In terms of the problem setup, Shu et al. (2023) requires consistent observations across time. Our method, on the other hand, requires observations at only the initial or final state or both for time-dependent PDEs, enjoying more flexibility on the partial observation.
In terms of inference time, Shu et al. (2023) is slower because it is an autoregressive method. In comparison, our method using the joint distribution adopts a unified model that can handle both forward and inverse and shows more accurate results (see Figure 10 in the PDF file).

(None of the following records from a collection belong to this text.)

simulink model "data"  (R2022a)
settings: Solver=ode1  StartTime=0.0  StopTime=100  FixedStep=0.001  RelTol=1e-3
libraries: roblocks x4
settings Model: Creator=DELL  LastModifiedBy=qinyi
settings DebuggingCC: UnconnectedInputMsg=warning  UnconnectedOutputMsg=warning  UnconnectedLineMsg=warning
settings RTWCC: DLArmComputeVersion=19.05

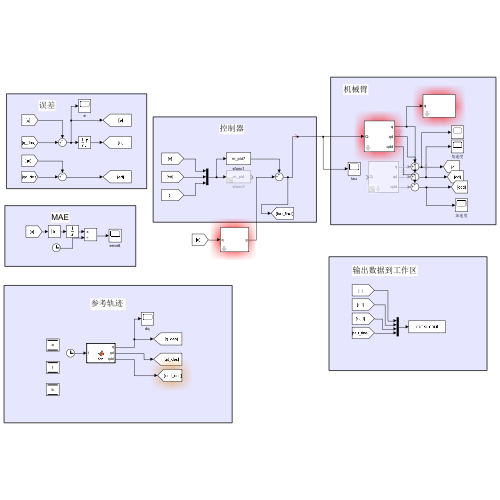
[thumbnail: Simulink's stored preview of the top-level diagram]
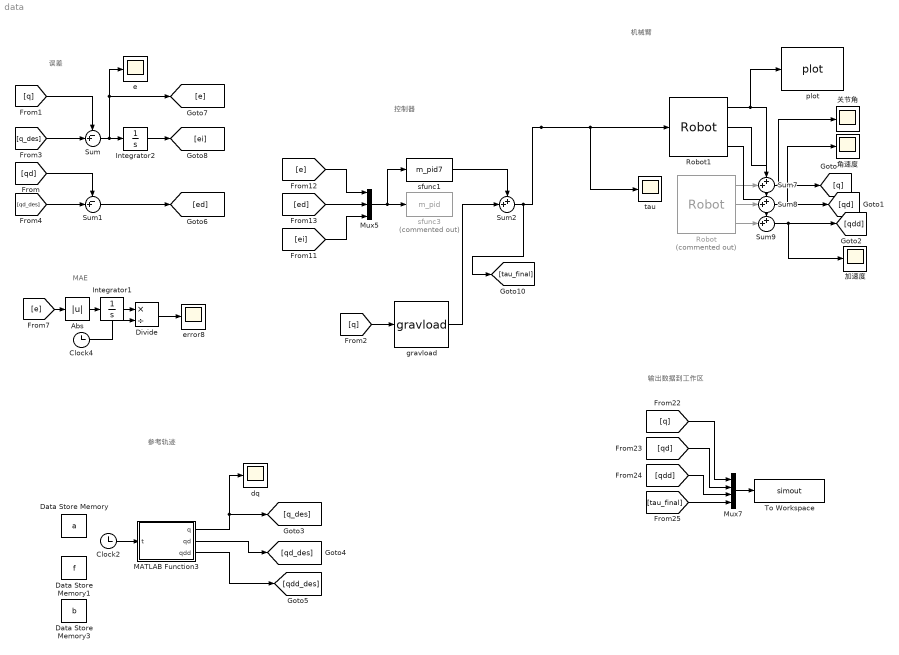
== system data ==
  note: MAE
  note: 机械臂
  note: 控制器
  note: 误差
  note: 参考轨迹
  note: 输出数据到工作区
  Abs : Abs  SaturateOnIntegerOverflow=off
  Clock2 : Clock
  Clock4 : Clock
  Data Store Memory : DataStoreMemory  DataStoreName=a  ReadBeforeWriteMsg=warning  WriteAfterWriteMsg=warning  WriteAfterReadMsg=warning  InitialValue=rand(10,7)  ShowAdditionalParam=off  OutDataTypeStr=double
  Data Store Memory1 : DataStoreMemory  DataStoreName=f  ReadBeforeWriteMsg=warning  WriteAfterWriteMsg=warning  WriteAfterReadMsg=warning  InitialValue=rand(10,7)  ShowAdditionalParam=off  OutDataTypeStr=double
  Data Store Memory3 : DataStoreMemory  DataStoreName=b  ReadBeforeWriteMsg=warning  WriteAfterWriteMsg=warning  WriteAfterReadMsg=warning  InitialValue=rand(10,7)  ShowAdditionalParam=off  OutDataTypeStr=double
  Divide : Product  Inputs=*/
  Integrator1 : Integrator
  Integrator2 : Integrator  LimitOutput=on  UpperSaturationLimit=0.01  LowerSaturationLimit=-0.01
  MATLAB Function3 : MATLAB Function  TreatAsAtomicUnit=on
  Mux5 : Mux  Inputs=3
  Mux7 : Mux
  Robot : roblocks/Arm/Robot  Commented=on  robot=p560  q0=[0 90 -90 30 0 0]*pi/180
      link override Integrator: InitialCondition=0
      link override Integrator1: InitialCondition=[0 90 -90 30 0 0]'*pi/180
      link override S-Function: Parameters=panda
  Robot1 : roblocks/Arm/Robot  robot=panda  q0=[0 90 -90 30 0 0 0]*pi/180
      link override Integrator: InitialCondition=0
      link override Integrator1: InitialCondition=[0 90 -90 30 0 0 0]'*pi/180
      link override S-Function: Parameters=panda
  Sum : Sum  Inputs=-+|
  Sum1 : Sum  Inputs=-+|
  Sum{2,7..9} (4 alike) : Sum  Inputs=++|
  To Workspace : ToWorkspace  VariableName=simout  SaveFormat=Timeseries  SampleTime=-1
  dq : Scope
  e : Scope
  error8 : Scope
  gravload : roblocks/Arm/gravload  robot=panda
  plot : roblocks/Arm/plot  robot=panda  fps=100  holdplot=on
  sfunc1 : S-Function  FunctionName=m_pid7  SFunctionDeploymentMode=off  EnableBusSupport=off
  sfunc3 : S-Function  Commented=on  FunctionName=m_pid  SFunctionDeploymentMode=off  EnableBusSupport=off
  tau : Scope
  关节角 : Scope
  加速度 : Scope
  角速度 : Scope
  wires:
  Sum/1 -> Integrator2/1, e/1, [e]
  Sum1/1 -> [ed]
  Abs/1 -> Integrator1/1
  Integrator1/1 -> Divide/1
  Divide/1 -> error8/1
  Mux5/1 -> sfunc1/1, sfunc3/1
  Mux7/1 -> To Workspace/1
  Sum7/1 -> [q], 关节角/1
  Sum8/1 -> [qd], 角速度/1
  Sum9/1 -> [qdd], 加速度/1
  Integrator2/1 -> [ei]
  Clock2/1 -> MATLAB Function3/1(t)
  MATLAB Function3/1(q) -> dq/1, [q_des]
  MATLAB Function3/2(qd) -> [qd_des]
  MATLAB Function3/3(qdd) -> [qdd_des]
  Clock4/1 -> Divide/2
  [q] -> Sum/1
  [qd] -> Sum1/1
  [q_des] -> Sum/2
  [qd_des] -> Sum1/2
  [e] -> Abs/1
  [e] -> Mux5/1
  [ed] -> Mux5/2
  [ei] -> Mux5/3
  Robot/1 -> Sum7/2
  Robot/2 -> Sum8/2
  Robot/3 -> Sum9/2
  [q] -> Mux7/1
  [qd] -> Mux7/2
  [qdd] -> Mux7/3
  [tau_final] -> Mux7/4
  sfunc1/1 -> Sum2/1
  Robot1/1 -> plot/1, Sum7/1
  Robot1/2 -> Sum8/1
  Robot1/3 -> Sum9/1
  [q] -> gravload/1
  gravload/1 -> Sum2/2
  Sum2/1 -> [tau_final], tau/1, Robot1/1

== matlab function data/MATLAB Function3 ==
  settings: updateMethod=DISCRETE
  data: t input; q output; qd output; qdd output; a data_store_memory; f data_store_memory; b data_store_memory
function [q,qd,qdd] = fcn(t)
global a;global f;global b;
if mod(t,10)==0 
    rng('shuffle');
    a=randn(10,7)-0.5;
    f=randn(10,7)*1*pi+0.2*pi;

end

B=[160 135 135 140 100 266 100]*pi/180;


q0=[B.*sum(a.*sin(b))/5]';
q=[B.*sum(a.*sin(f*t+b))/5]'+[0 90 -90 30 0 0 0]'*pi/180;
qd=[B.*sum(a.*f.*cos(f*t+b))/5]';
qdd=[B.*sum(-a.*f.*f.*sin(f*t+b))/5]';

% fq=1*ones(1,6);
% B=[80 70 70 70 50 120]*pi/180;
% q=[B.*sin(fq*t)]'+[0 90 -90 30 0 0]'*pi/180;
% qd=[B.*fq.*cos(fq*t)]';
% qdd=[-B.*fq.*fq.*sin(fq*t)]';
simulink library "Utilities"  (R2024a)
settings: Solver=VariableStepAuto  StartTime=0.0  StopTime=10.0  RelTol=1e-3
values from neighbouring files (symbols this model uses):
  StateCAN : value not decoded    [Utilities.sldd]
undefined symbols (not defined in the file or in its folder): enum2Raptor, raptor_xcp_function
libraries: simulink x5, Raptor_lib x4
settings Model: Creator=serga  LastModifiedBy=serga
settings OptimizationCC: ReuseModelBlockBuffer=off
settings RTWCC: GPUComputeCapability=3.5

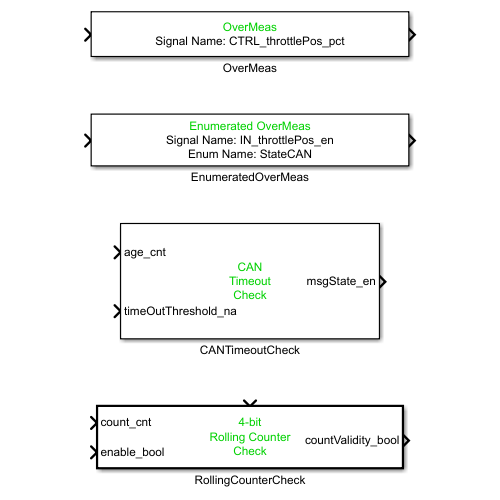
[thumbnail: Simulink's stored preview of the top-level diagram]
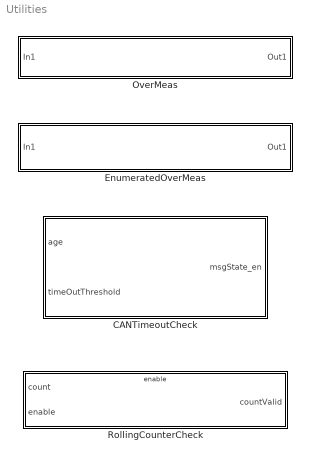
== system Utilities ==
  CANTimeoutCheck : Subsystem
      mask Display:
      | color('green')
      | disp('CAN\nTimeout\nCheck')
      | color('black')
      | port_label('input', 1, 'age_cnt');
      | port_label('input', 2, 'timeOutThreshold_na');
      | port_label('output', 1, 'msgState_en')
  EnumeratedOverMeas : Subsystem  mask{sigName='IN_throttlePos_en', enumName='StateCAN'}
      mask prompts: sigName "Signal Name"; enumName "Enumeration Name"
      mask init:
      | set_param([gcb '/Data Type Conversion1'],'OutDataTypeStr',['Enum:' enumName]);
      |     try
      |         p = get_param(gcb, 'PortHandles');
      |         l = get_param(p.Outport, 'Line');
      |         set_param(l, 'Name', sigName);
      |     end
      mask Display:
      | color('green')
      | disp('Enumerated OverMeas\n\n')
      | color('black')
      | disp(['Signal Name: ' sigName])
      | disp(['\n\nEnum Name: ' enumName])
  OverMeas : Subsystem  mask{sigName='CTRL_throttlePos_pct', min=-inf, max=inf}
      mask prompts: sigName "Signal Name"; min "Minimum"; max "Maximum"
      mask init:
      | %labels outports as the signal name
      |     try
      |         p = get_param(gcb, 'PortHandles');
      |         l = get_param(p.Outport, 'Line');
      |         set_param(l, 'Name', sigName);
      |     end
      mask Display:
      | color('green')
      | disp('OverMeas\n')
      | color('black')
      | disp(['\nSignal Name: ' sigName])
  RollingCounterCheck : Subsystem  TreatAsAtomicUnit=on
      mask Display:
      | color('green')
      | disp('4-bit\nRolling Counter\nCheck')
      | color('black')
      | port_label('input', 1, 'count_cnt');
      | port_label('input', 2, 'enable_bool');
      | port_label('output', 1, 'countValidity_bool')

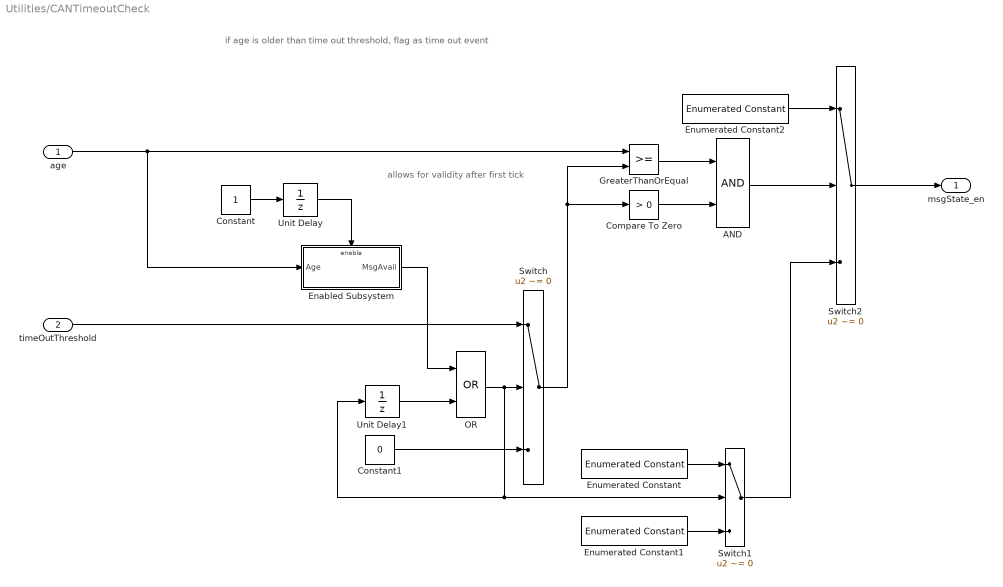
== system Utilities/CANTimeoutCheck ==
  note: if age is older than time out threshold, flag as time out event
  note: allows for validity after first tick
  age : Inport
  timeOutThreshold : Inport  Port=2
  AND : Logic  AllPortsSameDT=off  OutDataTypeStr=boolean
  Compare To Zero : simulink/Logic and Bit Operations/Compare To Zero  relop=>  OutDataTypeStr=boolean
  Constant : Constant  OutDataTypeStr=boolean
  Constant1 : Constant  Value=0  OutDataTypeStr=boolean
  Enabled Subsystem : Subsystem  TreatAsAtomicUnit=on
  Enumerated Constant : simulink/Sources/Enumerated Constant  OutDataTypeStr=Enum: StateCAN  Value=StateCAN.Normal  SampleTime=inf
  Enumerated Constant1 : simulink/Sources/Enumerated Constant  OutDataTypeStr=Enum: StateCAN  Value=StateCAN.NotReceived  SampleTime=inf
  Enumerated Constant2 : simulink/Sources/Enumerated Constant  OutDataTypeStr=Enum: StateCAN  Value=StateCAN.TimedOut  SampleTime=inf
  GreaterThanOrEqual : RelationalOperator  OutDataTypeStr=boolean  RndMeth=Simplest  InputSameDT=off
  OR : Logic  Operator=OR  AllPortsSameDT=off  OutDataTypeStr=boolean
  Switch : Switch  Criteria=u2 ~= 0  SaturateOnIntegerOverflow=off  InputSameDT=off
  Switch1 : Switch  Criteria=u2 ~= 0  SaturateOnIntegerOverflow=off  InputSameDT=off
  Switch2 : Switch  Criteria=u2 ~= 0  SaturateOnIntegerOverflow=off  InputSameDT=off
  Unit Delay : UnitDelay  SampleTime=-1  HasFrameUpgradeWarning=on
  Unit Delay1 : UnitDelay  SampleTime=-1  HasFrameUpgradeWarning=on
  msgState_en : Outport
  wires:
  Constant/1 -> Unit Delay/1
  Unit Delay/1 -> Enabled Subsystem/Enable
  age/1 -> GreaterThanOrEqual/1, Enabled Subsystem/1(Age)
  timeOutThreshold/1 -> Switch/1
  OR/1 -> Unit Delay1/1, Switch1/2, Switch/2
  Enabled Subsystem/1(MsgAvail) -> OR/1
  Unit Delay1/1 -> OR/2
  Enumerated Constant/1 -> Switch1/1
  Enumerated Constant1/1 -> Switch1/3
  Constant1/1 -> Switch/3
  Switch/1 -> GreaterThanOrEqual/2, Compare To Zero/1
  GreaterThanOrEqual/1 -> AND/1
  Compare To Zero/1 -> AND/2
  AND/1 -> Switch2/2
  Switch2/1 -> msgState_en/1
  Enumerated Constant2/1 -> Switch2/1
  Switch1/1 -> Switch2/3

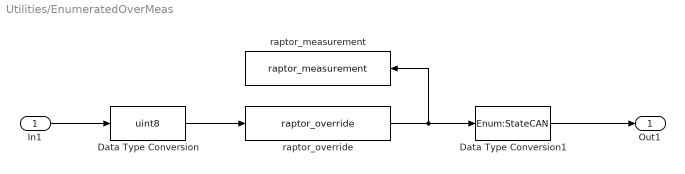
== system Utilities/EnumeratedOverMeas ==
  In1 : Inport
  Data Type Conversion : DataTypeConversion  OutDataTypeStr=uint8  SaturateOnIntegerOverflow=off  RndMeth=Floor
  Data Type Conversion1 : DataTypeConversion  OutDataTypeStr=Enum:StateCAN  SaturateOnIntegerOverflow=off  RndMeth=Floor
  raptor_measurement : Raptor_lib/Data Storage/raptor_measurement  paramName=sigName  nameSource=Parameter  calDispType=Enumeration  calEnum=enum2Raptor(enumName)  calGain=1.0  calOffset=0.0  calMax=max  calMin=min  calFormat='-1'  calUnit=''  calHelp=''  calAccess=1  calFunction=raptor_xcp_function(gcb)  calVisible=on
      settings: SourceProductName=Raptor
  raptor_override : Raptor_lib/Data Storage/raptor_override  paramName=sigName  nameSource=Parameter  measurement=None  calDispType=Enumeration  calEnum=enum2Raptor(enumName)  calGain=1.0  calOffset=0.0  calMax=max  calMin=min  calFormat='-1'  calUnit=''  calHelp=''  calAccess=1  calFunction="[raptor_xcp_function(gcb) '|'  'Override']"
      settings: SourceProductName=Raptor
  Out1 : Outport
  wires:
  In1/1 -> Data Type Conversion/1
  Data Type Conversion/1 -> raptor_override/1
  raptor_override/1 -> Data Type Conversion1/1, raptor_measurement/1
  Data Type Conversion1/1 -> Out1/1

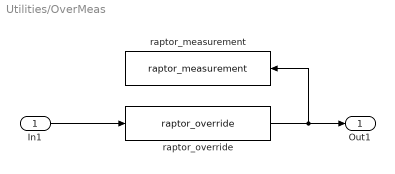
== system Utilities/OverMeas ==
  In1 : Inport
  raptor_measurement : Raptor_lib/Data Storage/raptor_measurement  paramName=sigName  nameSource=Parameter  calDispType=Number  calEnum={'False', 'True'}  calGain=1.0  calOffset=0.0  calMax=max  calMin=min  calFormat='-1'  calUnit=''  calHelp=''  calAccess=1  calFunction=raptor_xcp_function(gcb)  calVisible=on
      settings: SourceProductName=Raptor
  raptor_override : Raptor_lib/Data Storage/raptor_override  paramName=sigName  nameSource=Parameter  measurement=None  calDispType=Number  calEnum={'False', 'True'}  calGain=1.0  calOffset=0.0  calMax=max  calMin=min  calFormat='-1'  calUnit=''  calHelp=''  calAccess=1  calFunction="[raptor_xcp_function(gcb) '|'  'Override']"
      settings: SourceProductName=Raptor
  Out1 : Outport
  wires:
  In1/1 -> raptor_override/1
  raptor_override/1 -> raptor_measurement/1, Out1/1

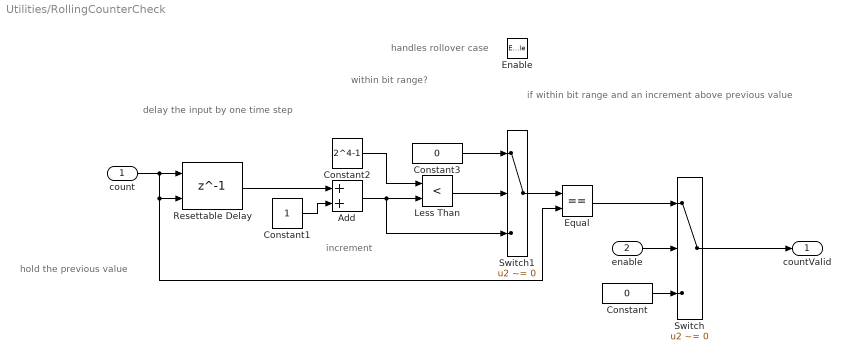
== system Utilities/RollingCounterCheck ==
  note: handles rollover case
  note: if within bit range and an increment above previous value
  note: within bit range?
  note: increment
  note: hold the previous value
  note: delay the input by one time step
  count : Inport
  enable : Inport  Port=2
  Enable : EnablePort
  Add : Sum
  Constant : Constant  Value=0  OutDataTypeStr=boolean
  Constant1 : Constant
  Constant2 : Constant  Value=2^4-1
  Constant3 : Constant  Value=0  OutDataTypeStr=boolean
  Equal : RelationalOperator  Operator===  OutDataTypeStr=boolean  RndMeth=Simplest  InputSameDT=off
  Less Than : RelationalOperator  Operator=<  OutDataTypeStr=boolean  RndMeth=Simplest  InputSameDT=off
  Resettable Delay : Delay  DelayLength=1  InitialConditionSource=Input port
      settings: InputPortMap=u0,p4
  Switch : Switch  Criteria=u2 ~= 0  SaturateOnIntegerOverflow=off  InputSameDT=off
  Switch1 : Switch  Criteria=u2 ~= 0  SaturateOnIntegerOverflow=off  InputSameDT=off
  countValid : Outport
  wires:
  count/1 -> Resettable Delay/2, Equal/2, Resettable Delay/1
  enable/1 -> Switch/2
  Switch/1 -> countValid/1
  Constant/1 -> Switch/3
  Resettable Delay/1 -> Add/1
  Add/1 -> Less Than/2, Switch1/3
  Constant2/1 -> Less Than/1
  Less Than/1 -> Switch1/2
  Constant3/1 -> Switch1/1
  Switch1/1 -> Equal/1
  Equal/1 -> Switch/1
  Constant1/1 -> Add/2

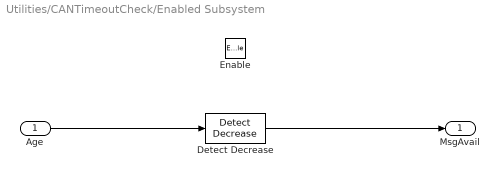
== system Utilities/CANTimeoutCheck/Enabled Subsystem ==
  Age : Inport
  Enable : EnablePort
  Detect Decrease : simulink/Logic and Bit Operations/Detect Decrease  vinit=1  OutDataTypeStr=boolean
  MsgAvail : Outport
  wires:
  Age/1 -> Detect Decrease/1
  Detect Decrease/1 -> MsgAvail/1

“Show the number of parameters, training time, inference time, and GPU memory” (reviewer AaET, y14J)

As mentioned in Section 4.2 of our main paper, training the DiffusionPDE model takes approximately 4 hours on 3 A40 GPUs. In comparison, training the PINO or FNO model on a single A40 GPU takes approximately 8 hours, while training DeepONet takes around 40 minutes.

We evaluate the computing cost during the inference stage by testing a single data point on a single A40 GPU for the Navier-Stokes equation, as shown in Table A. DiffusionPDE has a lower computing cost compared to Shu et al. (2023), which autoregressively solves the full time interval. This advantage becomes more significant when we increase the number of time steps.

Table A: Inference computing cost of sparse-observation-based methods.

Method	DiffusionPDE (Ours)	GraphPDE	Shu et al. (2023)	OFormer
#Parameter (M)	54	1.3	63	1.6
Inference time (s)	140	84	180	3.2
GPU memory (GB)	6.8	3.6	7.2	0.1

Further, we evaluate the inference runtimes on one single A40 GPU of vanilla full-observation-based methods and also the optimization time of them during the inference as suggested by Reviewer 4PC9. The optimization runtimes are significantly slower, especially when using Fourier transforms.

Table B: Average inference runtimes (in seconds) of full-observation-based methods with and without optimization.

Method	PINO	FNO	DeepONet	PINNs
Vanilla	1.0e0	9.8e-1	7.4e-1	1.5e0
With Optimization	6.7e2	6.7e2	3.5e1	3.7e1

[1] A Physics-informed Diffusion Model for High-fidelity Flow Field Reconstruction. Shu et. al. JCP 2023.

[2] Diffusion Posterior Sampling for General Noisy Inverse Problems. Chung et. al. ICLR 2023.

[3] Diffusion Probabilistic Models for 3D Point Cloud Generation. Luo et al. CVPR 2021.

[4] Flexible Diffusion Modeling of Long Videos. Harvey et al. NeurIPS 2022.

[5] Open-Sora: Democratizing Efficient Video Production for All. Zheng et al. Github.

最终决定Accept (poster)

2024-09-25

This diffusion models proposed here solve PDEs with unknown coefficients by modeling the joint distribution of the coefficients and solution space. An advantage of this generative approach over some other learning-based PDE solvers is that it can flexibly handle partial observations with irregular patterns. While one borderline-negative review is skeptical of this probabilistic approach, overall we found the authors' rebuttal to these concerns to be convincing. There were some concerns about the range of experiments and baseline methods compared to in the original manuscript, but a thorough author rebuttal addressed most of these points. Please be sure that your final manuscript incorporates these additional experiments and comparisons.